= Beginning of Section =

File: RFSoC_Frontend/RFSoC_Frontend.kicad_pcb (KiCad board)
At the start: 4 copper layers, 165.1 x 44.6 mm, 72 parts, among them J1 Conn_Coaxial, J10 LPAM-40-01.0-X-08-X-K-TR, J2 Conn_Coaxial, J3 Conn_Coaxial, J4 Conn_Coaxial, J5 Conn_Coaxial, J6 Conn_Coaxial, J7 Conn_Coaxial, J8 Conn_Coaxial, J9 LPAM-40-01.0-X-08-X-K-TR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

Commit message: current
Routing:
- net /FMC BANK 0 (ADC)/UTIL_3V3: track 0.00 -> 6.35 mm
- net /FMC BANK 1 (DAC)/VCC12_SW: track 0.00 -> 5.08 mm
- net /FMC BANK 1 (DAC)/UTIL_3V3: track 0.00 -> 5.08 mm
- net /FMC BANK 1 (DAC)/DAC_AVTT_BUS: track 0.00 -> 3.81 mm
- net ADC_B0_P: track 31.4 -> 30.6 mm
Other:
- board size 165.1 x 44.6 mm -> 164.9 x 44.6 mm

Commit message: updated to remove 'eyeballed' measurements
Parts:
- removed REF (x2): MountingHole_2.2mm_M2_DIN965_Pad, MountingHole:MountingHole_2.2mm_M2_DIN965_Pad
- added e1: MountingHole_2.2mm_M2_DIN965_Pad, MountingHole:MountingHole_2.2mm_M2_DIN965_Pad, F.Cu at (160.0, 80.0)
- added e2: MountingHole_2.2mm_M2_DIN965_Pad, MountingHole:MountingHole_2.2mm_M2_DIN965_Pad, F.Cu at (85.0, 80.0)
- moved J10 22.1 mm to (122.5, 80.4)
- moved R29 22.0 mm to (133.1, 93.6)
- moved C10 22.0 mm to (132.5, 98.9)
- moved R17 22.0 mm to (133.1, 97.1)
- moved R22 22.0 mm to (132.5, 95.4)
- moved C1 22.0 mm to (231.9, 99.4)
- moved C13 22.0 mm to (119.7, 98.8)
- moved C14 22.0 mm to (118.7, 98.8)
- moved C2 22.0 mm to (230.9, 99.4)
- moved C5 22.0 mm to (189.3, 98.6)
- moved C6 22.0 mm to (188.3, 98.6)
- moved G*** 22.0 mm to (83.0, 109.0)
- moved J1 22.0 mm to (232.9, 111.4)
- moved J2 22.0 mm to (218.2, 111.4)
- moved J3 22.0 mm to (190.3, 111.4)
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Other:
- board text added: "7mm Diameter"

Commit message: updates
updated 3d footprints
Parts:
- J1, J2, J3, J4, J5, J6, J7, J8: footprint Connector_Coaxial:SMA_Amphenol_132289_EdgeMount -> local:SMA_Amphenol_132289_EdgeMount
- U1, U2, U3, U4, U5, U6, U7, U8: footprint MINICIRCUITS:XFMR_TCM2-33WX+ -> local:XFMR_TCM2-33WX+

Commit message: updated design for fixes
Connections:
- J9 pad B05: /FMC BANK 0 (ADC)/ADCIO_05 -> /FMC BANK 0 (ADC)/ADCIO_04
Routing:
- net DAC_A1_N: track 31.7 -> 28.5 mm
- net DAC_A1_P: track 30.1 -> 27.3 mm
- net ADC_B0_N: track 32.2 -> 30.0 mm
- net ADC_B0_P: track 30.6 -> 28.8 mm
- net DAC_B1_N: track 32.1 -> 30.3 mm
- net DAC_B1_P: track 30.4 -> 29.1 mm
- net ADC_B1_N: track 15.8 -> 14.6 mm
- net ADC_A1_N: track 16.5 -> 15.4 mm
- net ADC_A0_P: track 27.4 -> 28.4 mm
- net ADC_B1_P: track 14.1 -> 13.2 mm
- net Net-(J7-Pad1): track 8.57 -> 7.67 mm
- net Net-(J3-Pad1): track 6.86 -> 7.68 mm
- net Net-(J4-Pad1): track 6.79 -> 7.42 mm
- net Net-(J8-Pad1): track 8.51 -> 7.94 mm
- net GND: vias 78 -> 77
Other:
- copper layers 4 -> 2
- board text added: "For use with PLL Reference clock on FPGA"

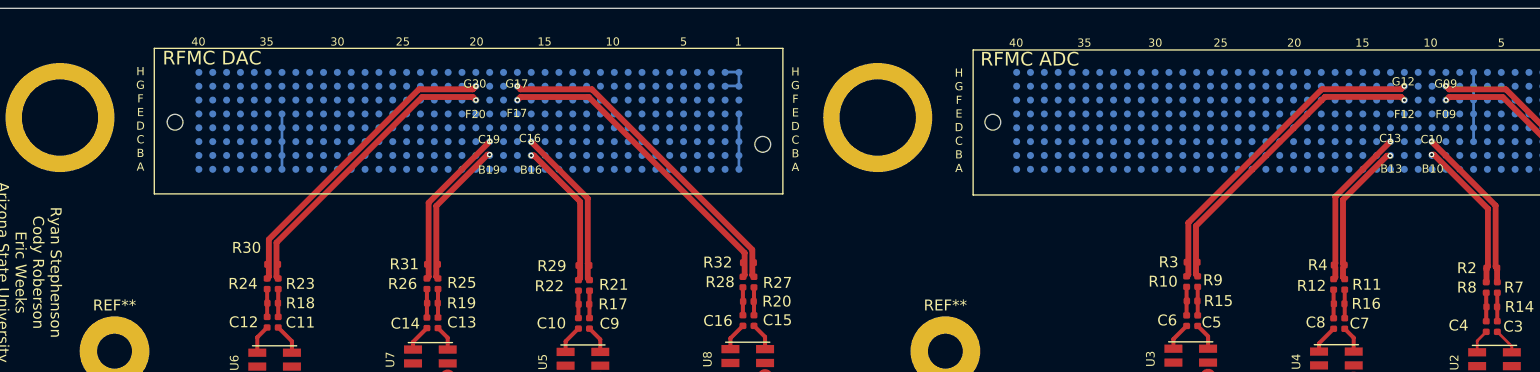
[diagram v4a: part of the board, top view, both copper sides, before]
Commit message: fixed grounded util 3v3 pins on the LPAM Cnctr
updated to REV B
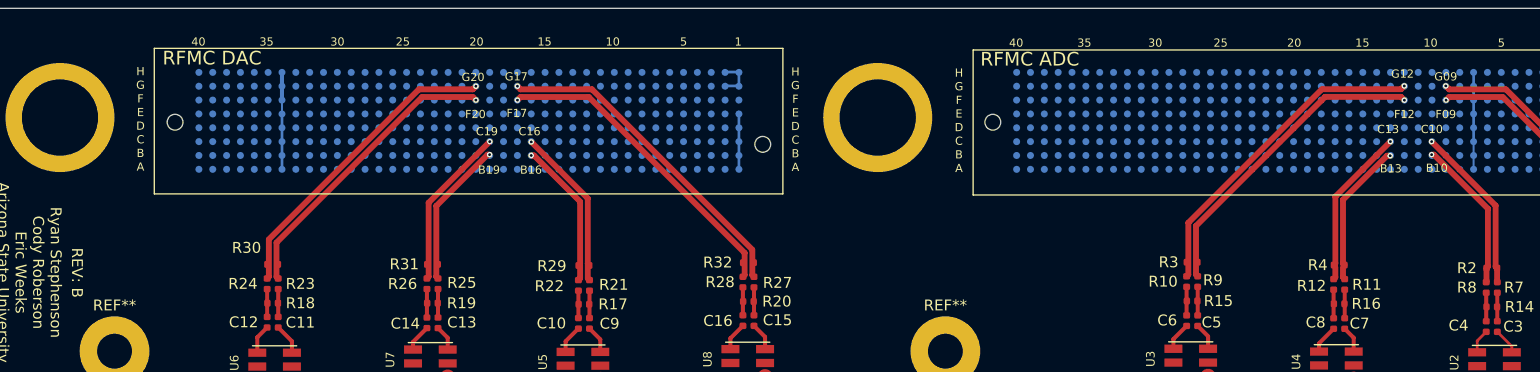
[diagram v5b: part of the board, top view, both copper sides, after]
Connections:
- J10 pad F34: GND -> /FMC BANK 1 (DAC)/UTIL_3V3
- J10 pad G34: GND -> /FMC BANK 1 (DAC)/UTIL_3V3
- J9 pad B07: GND -> /FMC BANK 0 (ADC)/UTIL_3V3
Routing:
- net /FMC BANK 1 (DAC)/UTIL_3V3: track 5.08 -> 8.89 mm
- net /FMC BANK 0 (ADC)/UTIL_3V3: track 6.35 -> 8.89 mm
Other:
- board text added: "REV: B"
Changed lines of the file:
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@@
   )
   (paper "A4")
+  (title_block
+    (title "RFSOC-RF-FRONTEND")
+    (date "2022-09-16")
+    (rev "B")
+    (company "ASU")
+    (comment 1 "Fixed grounded util-3v3pins g34, f34, b7 on the LPAM connector")
+  )
   (layers
     (0 "F.Cu" signal)
@@
       (net 34 "GND") (pinfunction "F33") (pintype "passive"))
     (pad "F34" smd circle locked (at 17.145 2.03 180) (size 0.64 0.64) (layers "B.Cu" "B.Mask")
-      (net 34 "GND") (pinfunction "F34") (pintype "passive"))
+      (net 141 "/FMC BANK 1 (DAC)/UTIL_3V3") (pinfunction "F34") (pintype "passive+no_connect"))
     (pad "F35" smd circle locked (at 18.415 2.03 180) (size 0.64 0.64) (layers "B.Cu" "B.Mask")
       (net 34 "GND") (pinfunction "F35") (pintype "passive"))
@@
       (net 34 "GND") (pinfunction "G33") (pintype "passive"))
     (pad "G34" smd circle locked (at 17.145 3.3 180) (size 0.64 0.64) (layers "B.Cu" "B.Mask")
-      (net 34 "GND") (pinfunction "G34") (pintype "passive"))
+      (net 141 "/FMC BANK 1 (DAC)/UTIL_3V3") (pinfunction "G34") (pintype "passive+no_connect"))
     (pad "G35" smd circle locked (at 18.415 3.3 180) (size 0.64 0.64) (layers "B.Cu" "B.Mask")
       (net 123 "unconnected-(J10-PadG35)") (pinfunction "G35") (pintype "passive+no_connect"))
@@
       (net 34 "GND") (pinfunction "B06") (pintype "passive"))
     (pad "B07" smd circle locked (at -17.145 -3.05 180) (size 0.64 0.64) (layers "B.Cu" "B.Mask")
-      (net 34 "GND") (pinfunction "B07") (pintype "passive"))
+      (net 64 "/FMC BANK 0 (ADC)/UTIL_3V3") (pinfunction "B07") (pintype "passive+no_connect"))
     (pad "B08" smd circle locked (at -15.875 -3.05 180) (size 0.64 0.64) (layers "B.Cu" "B.Mask")
       (net 34 "GND") (pinfunction "B08") (pintype "passive"))
@@
     (effects (font (size 0.75 0.75) (thickness 0.1875)))
   )
-  (gr_text "G20" (at 123.049984 76.904052) (layer "F.SilkS")
+  (gr_text "G20" (at 122.8852 76.3016) (layer "F.SilkS")
     (effects (font (size 0.75 0.75) (thickness 0.15)))
   )
@@
     (effects (font (size 0.75 0.75) (thickness 0.1875)))
   )
-  (gr_text "B10" (at 210.899984 84.704052) (layer "F.SilkS")
+  (gr_text "B10" (at 211.2772 84.6328) (layer "F.SilkS")
     (effects (font (size 0.75 0.75) (thickness 0.15)))
   )
@@
     (effects (font (size 0.75 0.75) (thickness 0.1875)))
   )
-  (gr_text "C13" (at 206.999984 81.904052) (layer "F.SilkS")
+  (gr_text "C13" (at 206.8068 81.0768) (layer "F.SilkS")
     (effects (font (size 0.75 0.75) (thickness 0.15)))
   )
@@
     (effects (font (size 0.75 0.75) (thickness 0.1875)))
   )
-  (gr_text "B13" (at 207.099984 84.704052) (layer "F.SilkS")
+  (gr_text "B13" (at 207.0608 84.6836) (layer "F.SilkS")
     (effects (font (size 0.75 0.75) (thickness 0.15)))
   )
@@
     (effects (font (size 1 1) (thickness 0.15)))
   )
-  (gr_text "G17" (at 126.899984 76.904052) (layer "F.SilkS")
+  (gr_text "G17" (at 126.8476 76.2508) (layer "F.SilkS")
     (effects (font (size 0.75 0.75) (thickness 0.15)))
   )
@@
     (effects (font (size 0.75 0.75) (thickness 0.1875)))
   )
-  (gr_text "C10" (at 210.799984 82.004052) (layer "F.SilkS")
+  (gr_text "C10" (at 210.82 81.0768) (layer "F.SilkS")
     (effects (font (size 0.75 0.75) (thickness 0.15)))
   )
@@
     (effects (font (size 0.75 0.75) (thickness 0.1875)))
   )
-  (gr_text "C19" (at 124.349984 82.004052) (layer "F.SilkS")
+  (gr_text "C19" (at 124.1552 81.28) (layer "F.SilkS")
     (effects (font (size 0.75 0.75) (thickness 0.15)))
   )
@@
     (effects (font (size 0.75 0.75) (thickness 0.1875)))
   )
-  (gr_text "G09" (at 212.099984 76.904052) (layer "F.SilkS")
+  (gr_text "G09" (at 212.099984 76.2508) (layer "F.SilkS")
     (effects (font (size 0.75 0.75) (thickness 0.15)))
   )
@@
     (effects (font (size 0.75 0.75) (thickness 0.1875)))
   )
-  (gr_text "C16" (at 128.099984 81.904052) (layer "F.SilkS")
+  (gr_text "C16" (at 128.0668 81.28) (layer "F.SilkS")
     (effects (font (size 0.75 0.75) (thickness 0.15)))
   )
@@
     (effects (font (size 0.75 0.75) (thickness 0.1875)))
   )
-  (gr_text "G12" (at 208.199984 76.704052) (layer "F.SilkS")
+  (gr_text "G12" (at 208.1276 75.9968) (layer "F.SilkS")
     (effects (font (size 0.75 0.75) (thickness 0.15)))
   )
+  (gr_text "REV: B" (at 86.5632 94.234 270) (layer "F.SilkS")
+    (effects (font (size 1 1) (thickness 0.15)))
+  )
   (gr_text "C" (at 152.449984 82.054052) (layer "F.SilkS")
     (effects (font (size 0.75 0.75) (thickness 0.1875)))
@@
   (via (at 126.9546 78.3998) (size 0.508) (drill 0.254) (layers "F.Cu" "B.Cu") (net 57))
   (segment (start 214.650032 75.860052) (end 214.650032 82.210052) (width 0.25) (layer "B.Cu") (net 64))
+  (segment (start 214.649678 82.210052) (end 214.649678 83.480052) (width 0.18288) (layer "B.Cu") (net 64))
+  (segment (start 214.649678 83.480052) (end 214.649678 84.750052) (width 0.18288) (layer "B.Cu") (net 64))
   (segment (start 147.270344 79.638052) (end 147.270344 84.718052) (width 0.25) (layer "B.Cu") (net 139))
   (segment (start 147.270344 77.098052) (end 146.000344 77.098052) (width 0.25) (layer "B.Cu") (net 140))
   (segment (start 146.000344 75.828052) (end 147.270344 75.828052) (width 0.25) (layer "B.Cu") (net 140))
   (segment (start 147.270344 75.828052) (end 147.270344 77.098052) (width 0.25) (layer "B.Cu") (net 140))
+  (segment (start 105.360026 75.860052) (end 105.360026 77.130052) (width 0.370586) (layer "B.Cu") (net 141))
+  (segment (start 105.360026 79.670052) (end 105.360026 78.400052) (width 0.18288) (layer "B.Cu") (net 141))
   (segment (start 105.360344 79.638052) (end 105.360344 84.718052) (width 0.25) (layer "B.Cu") (net 141))
+  (segment (start 105.360026 77.130052) (end 105.360026 78.400052) (width 0.370586) (layer "B.Cu") (net 141))
   (zone (net 0) (net_name "") (layer "F.Cu") (hatch edge 0.508)
     (connect_pads (clearance 0))

= End of Section =

**Work request**
Pull out every line holding "Commit" from the records above, and copy it.

**Solution to this exercise**
Commit message: current
Commit message: updated to remove 'eyeballed' measurements
Commit message: updates
Commit message: updated design for fixes
Commit message: fixed grounded util 3v3 pins on the LPAM Cnctr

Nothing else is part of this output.